To explore if NS309-induced DSM cell membrane hyperpolarization was mediated via activation of IK channels, we examined the effect of TRAM-34 on DSM cell RMP. Our data showed that 100 μM TRAM-34 per se did not change the DSM cell RMP. In the absence of TRAM-34, DSM cell RMP was −20.0 ± 2.4 mV and −19.1 ± 2.2 mV in its presence (n = 7, N = 7; P > 0.05).
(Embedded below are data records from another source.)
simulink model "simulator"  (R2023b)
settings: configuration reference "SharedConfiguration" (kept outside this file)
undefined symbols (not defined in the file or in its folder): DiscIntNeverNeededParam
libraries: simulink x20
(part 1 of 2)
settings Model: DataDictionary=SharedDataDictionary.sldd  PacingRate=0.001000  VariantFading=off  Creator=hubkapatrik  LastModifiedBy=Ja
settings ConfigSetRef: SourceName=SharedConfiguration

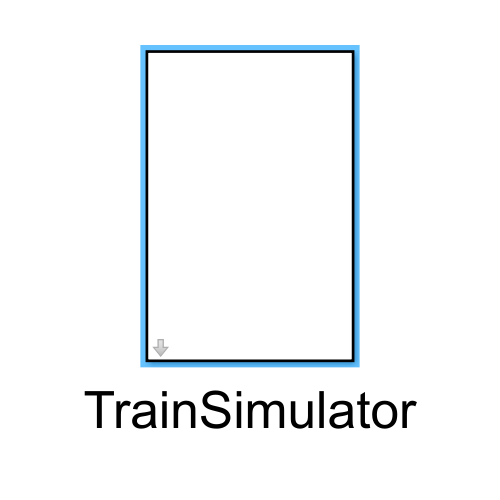
[thumbnail: Simulink's stored preview of the top-level diagram]
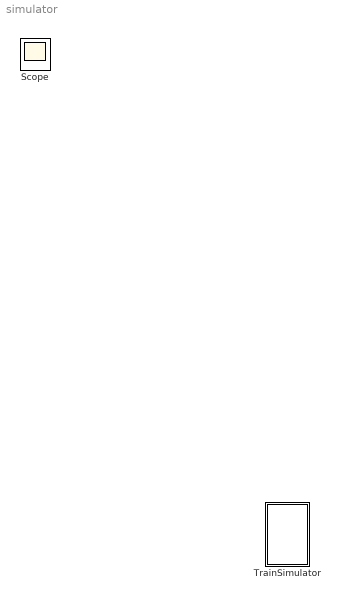
== system simulator ==
  TrainSimulator : Subsystem  mask{VelocityStart=10, MethodOfSpeedChange=constant acceleration, VelocityReq=10, Acceleration=1, PowerMaximum=3, PowerRelative=0.060, TractionForce=300, RoadResistEnable=yes, Gradient=0, CI_AfterReset=1, CI_Overreading=5.0, CI_Underreading=5.0, DrivingDirection=nominal}
      mask prompts: VelocityStart "Initial velocity"; MethodOfSpeedChange "Method of speed change"; VelocityReq "Required velocity"; PowerMaximum "Maximum power [MW]"; PowerRelative "Relative power [-]"; TractionForce "Traction force [kN]"; RoadResistEnable "Road resist enable"; Gradient "Gradient [‰]"; CI_AfterReset "Initial CI [%]"; CI_Overreading "CI overreading [%]"; CI_Underreading "CI underreading [%]"; DrivingDirection "Direction of train"
      mask TypeOptions MethodOfSpeedChange: constant velocity | sudden change of velocity | constant acceleration | break curves (not finished) | traction characteristics (not finished)
      mask TypeOptions RoadResistEnable: yes | no
      mask TypeOptions DrivingDirection: nominal | reverse
      mask DialogControl Container2 Prompt: Constant Acceleration
      mask DialogControl Container3 Prompt: Traction Characteristics
      mask DialogControl Container4 Prompt: Confidence Interval
  Scope : Scope

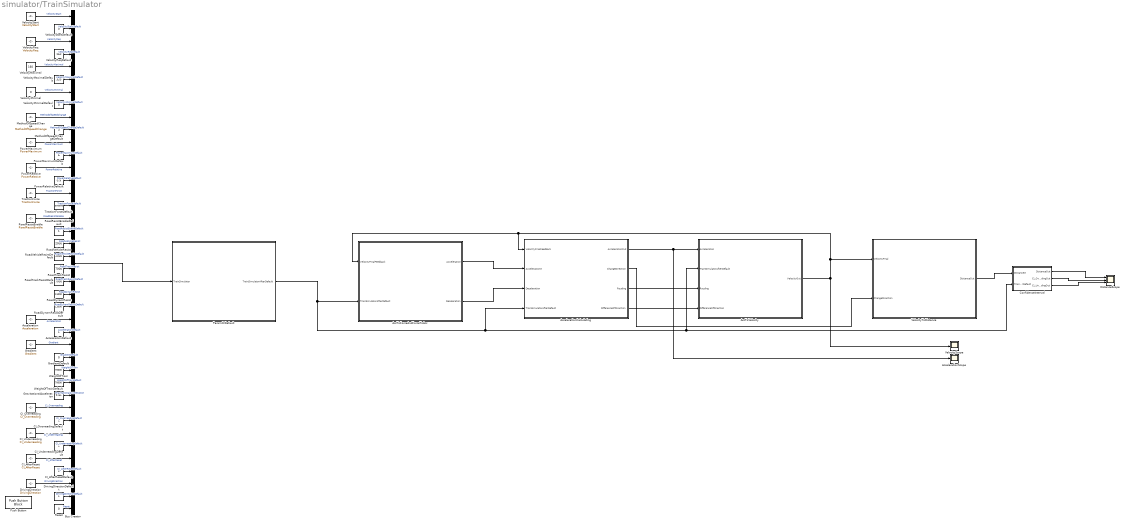
== system simulator/TrainSimulator ==
  AccToForceAndForceToAcc : Subsystem
  AccToVelocity : Subsystem
  Acceleration : Constant  Value=Acceleration  VectorParams1D=off  OutDataTypeStr=double
  AccelerationCalculating : Subsystem
  AccelerationDefault : Constant  VectorParams1D=off  OutDataTypeStr=double
  AccelerationScope : Scope
  Bus Creator : BusCreator  Inputs=VelocityStart,VelocityStartDefault,VelocityReq,VelocityReqDefault,VelocityMaximal,VelocityMaximalDefault,VelocityMinimal,VelocityMinimalDefault,MethodOfSpeedChange,MethodOfSpeedChangeDefault,PowerMaximum,PowerMaximumDefault,PowerRelative,PowerRelativeDefault,TractionForce,TractionForceDefault,RoadResistEnable,RoadResistEnableDefault,RoadVehicleResist,RoadVehicleResistDefault,RoadTrackResist,RoadTrackResistDefault,RoadDynamResist,RoadDynamResistDefault,Acceleration,AccelerationDefault,Gradient,GradientDefault,WeightOfTrain,WeightOfTrainDefault,GravitationalAcceleration,CI_Overreading,CI_OverreadingDefault,CI_Underreading,CI_UnderreadingDefault,CI_AfterReset,CI_AfterResetDefault,DrivingDirection,DrivingDirectionDefault,Reset  OutDataTypeStr=Bus: TrainSimulator  NonVirtualBus=on
  CI_AfterReset : Constant  Value=CI_AfterReset
  CI_AfterResetDefault : Constant  OutDataTypeStr=double
  CI_Overreading : Constant  Value=CI_Overreading
  CI_OverreadingDefault : Constant  OutDataTypeStr=double
  CI_Underreading : Constant  Value=CI_Underreading
  CI_UnderreadingDefault : Constant  OutDataTypeStr=double
  ConfidenceInterval : Subsystem
  DistanceScope : Scope  NumInputPorts=3
  DrivingDirection : Constant  Value=DrivingDirection  OutMin=0  OutMax=2  OutDataTypeStr=uint8
  DrivingDirectionDefault : Constant  OutMin=0  OutMax=2  OutDataTypeStr=uint8
  Gradient : Constant  Value=Gradient  OutDataTypeStr=double
  GradientDefault : Constant  Value=0  OutDataTypeStr=double
  GravitationalAcceleration : Constant  Value=9.81  OutMin=0  OutDataTypeStr=double
  MethodOfSpeedChange : Constant  Value=MethodOfSpeedChange  VectorParams1D=off  OutMin=1  OutMax=5  OutDataTypeStr=double
  MethodOfSpeedChangeDefault : Constant  Value=3  OutMin=1  OutMax=5  OutDataTypeStr=double
  ParamOrDefault : Subsystem
  PowerMaximum : Constant  Value=PowerMaximum
  PowerMaximumDefault : Constant  Value=6
  PowerRelative : Constant  Value=PowerRelative
  PowerRelativeDefault : Constant  Value=0.9
  Push Button : PushButtonBlock  OffValue=0.000000
  Reset : Constant  Value=0  OutMin=0  OutMax=1  OutDataTypeStr=double
  RoadDynamResist : Constant  Value=11000  OutMin=0  OutDataTypeStr=double
  RoadDynamResistDefault : Constant  Value=11000  VectorParams1D=off  OutMin=0  OutDataTypeStr=double
  RoadResistEnable : Constant  Value=RoadResistEnable  OutMin=0  OutMax=2  OutDataTypeStr=double
  RoadResistEnableDefault : Constant  OutMin=0  OutMax=1  OutDataTypeStr=double
  RoadTrackResist : Constant  Value=7000  OutMin=0  OutDataTypeStr=double
  RoadTrackResistDefault : Constant  Value=7000  OutMin=0  OutDataTypeStr=double
  RoadVehicleResist : Constant  Value=2000  OutMin=0  OutDataTypeStr=double
  RoadVehicleResistDefault : Constant  Value=2000  OutMin=0  OutDataTypeStr=double
  TractionForce : Constant  Value=TractionForce
  TractionForceDefault : Constant  Value=300000
  VelocityMaximal : Constant  Value=160  OutMin=0  OutDataTypeStr=double
  VelocityMaximalDefault : Constant  Value=320  OutMin=0  OutDataTypeStr=double
  VelocityMinimal : Constant  Value=0  OutMin=0  OutDataTypeStr=double
  VelocityMinimalDefault : Constant  Value=0  OutMin=0  OutDataTypeStr=double
  VelocityReq : Constant  Value=VelocityReq  OutMin=0  OutDataTypeStr=double
  VelocityReqDefault : Constant  Value=160  OutMin=0  OutDataTypeStr=double
  VelocityScope : Scope
  VelocityStart : Constant  Value=VelocityStart  OutMin=0  OutDataTypeStr=double
  VelocityStartDefault : Constant  Value=0  OutMin=0  OutDataTypeStr=double
  VelocityToDistance : Subsystem
  WeightOfTrain : Constant  Value=70000  OutMin=0  OutDataTypeStr=double
  WeightOfTrainDefault : Constant  Value=70000  OutMin=0  OutDataTypeStr=double
  wires:
  MethodOfSpeedChange/1 -> Bus Creator/9  "MethodOfSpeedChange"
  VelocityReq/1 -> Bus Creator/3  "VelocityReq"
  VelocityToDistance/1(DistanceOut) -> ConfidenceInterval/1(DistanceIn)
  Reset/1 -> Bus Creator/40  "Reset"
  VelocityStartDefault/1 -> Bus Creator/2  "VelocityStartDefault"
  Bus Creator/1 -> ParamOrDefault/1(TrainSimulator)
  DrivingDirectionDefault/1 -> Bus Creator/39  "DrivingDirectionDefault"
  RoadDynamResistDefault/1 -> Bus Creator/24  "RoadDynamResistDefault"
  RoadTrackResist/1 -> Bus Creator/21  "RoadTrackResist"
  RoadResistEnable/1 -> Bus Creator/17  "RoadResistEnable"
  RoadDynamResist/1 -> Bus Creator/23  "RoadDynamResist"
  RoadVehicleResist/1 -> Bus Creator/19  "RoadVehicleResist"
  Acceleration/1 -> Bus Creator/25  "Acceleration"
  ParamOrDefault/1(TrainSimulatorAfterDefault) -> ConfidenceInterval/2(TrainSimulatorAfterDefault), AccToVelocity/2(TrainSimulatorAfterDefault), AccelerationCalculating/4(TrainSimulatorAfterDefault), AccToForceAndForceToAcc/2(TrainSimulatorAfterDefault)
  WeightOfTrain/1 -> Bus Creator/29  "WeightOfTrain"
  RoadResistEnableDefault/1 -> Bus Creator/18  "RoadResistEnableDefault"
  GravitationalAcceleration/1 -> Bus Creator/31  "GravitationalAcceleration"
  MethodOfSpeedChangeDefault/1 -> Bus Creator/10  "MethodOfSpeedChangeDefault"
  GradientDefault/1 -> Bus Creator/28  "GradientDefault"
  AccelerationCalculating/1(AccelerationOut) -> AccelerationScope/1, AccToVelocity/1(Acceleration)
  RoadTrackResistDefault/1 -> Bus Creator/22  "RoadTrackResistDefault"
  VelocityReqDefault/1 -> Bus Creator/4  "VelocityReqDefault"
  WeightOfTrainDefault/1 -> Bus Creator/30  "WeightOfTrainDefault"
  AccToForceAndForceToAcc/1(Acceleration) -> AccelerationCalculating/2(AccelerationIn)
  Gradient/1 -> Bus Creator/27  "Gradient"
  AccelerationCalculating/2(ChangeDirection) -> VelocityToDistance/2(ChangeDirection)
  DrivingDirection/1 -> Bus Creator/38  "DrivingDirection"
  VelocityStart/1 -> Bus Creator/1  "VelocityStart"
  RoadVehicleResistDefault/1 -> Bus Creator/20  "RoadVehicleResistDefault"
  VelocityMinimal/1 -> Bus Creator/7  "VelocityMinimal"
  VelocityMinimalDefault/1 -> Bus Creator/8  "VelocityMinimalDefault"
  AccToForceAndForceToAcc/2(Deceleration) -> AccelerationCalculating/3(Deceleration)
  VelocityMaximal/1 -> Bus Creator/5  "VelocityMaximal"
  VelocityMaximalDefault/1 -> Bus Creator/6  "VelocityMaximalDefault"
  AccToVelocity/1(VelocityOut) -> AccelerationCalculating/1(VelocityFinalFeedback), AccToForceAndForceToAcc/1(VelocityFinalFeedback), VelocityToDistance/1(VelocityFinal), VelocityScope/1
  PowerRelative/1 -> Bus Creator/13  "PowerRelative"
  PowerRelativeDefault/1 -> Bus Creator/14  "PowerRelativeDefault"
  PowerMaximumDefault/1 -> Bus Creator/12  "PowerMaximumDefault"
  PowerMaximum/1 -> Bus Creator/11  "PowerMaximum"
  TractionForceDefault/1 -> Bus Creator/16  "TractionForceDefault"
  TractionForce/1 -> Bus Creator/15  "TractionForce"
  AccelerationCalculating/3(Rouding) -> AccToVelocity/3(Rouding)
  AccelerationCalculating/4(DifferenceOfDirection) -> AccToVelocity/4(DifferenceOfDirection)
  CI_Overreading/1 -> Bus Creator/32  "CI_Overreading"
  CI_Underreading/1 -> Bus Creator/34  "CI_Underreading"
  CI_AfterReset/1 -> Bus Creator/36  "CI_AfterReset"
  ConfidenceInterval/1(DistanceOut) -> DistanceScope/1
  ConfidenceInterval/2(CI_OverreadingOut) -> DistanceScope/2
  ConfidenceInterval/3(CI_UnderreadingOut) -> DistanceScope/3
  AccelerationDefault/1 -> Bus Creator/26  "AccelerationDefault"
  CI_OverreadingDefault/1 -> Bus Creator/33  "CI_OverreadingDefault"
  CI_UnderreadingDefault/1 -> Bus Creator/35  "CI_UnderreadingDefault"
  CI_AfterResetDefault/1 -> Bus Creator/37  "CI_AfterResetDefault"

Under conditions of IK channel inhibition with TRAM-34, 10 μM NS309 still significantly hyperpolarized the DSM cell RMP from −23.4 ± 2.4 to −26.2 ± 2.7 mV (n = 11, N = 7; P < 0.05, Figure 3C). In the presence of both 1 μM apamin and 100 μM TRAM-34, DSM cell RMP was −23.8 ± 4.0 mV and the subsequent addition of 10 μM NS309 did not have a significant effect on RMP (–25.6 ± 4.8 mV) (n = 5, N = 3; P > 0.05).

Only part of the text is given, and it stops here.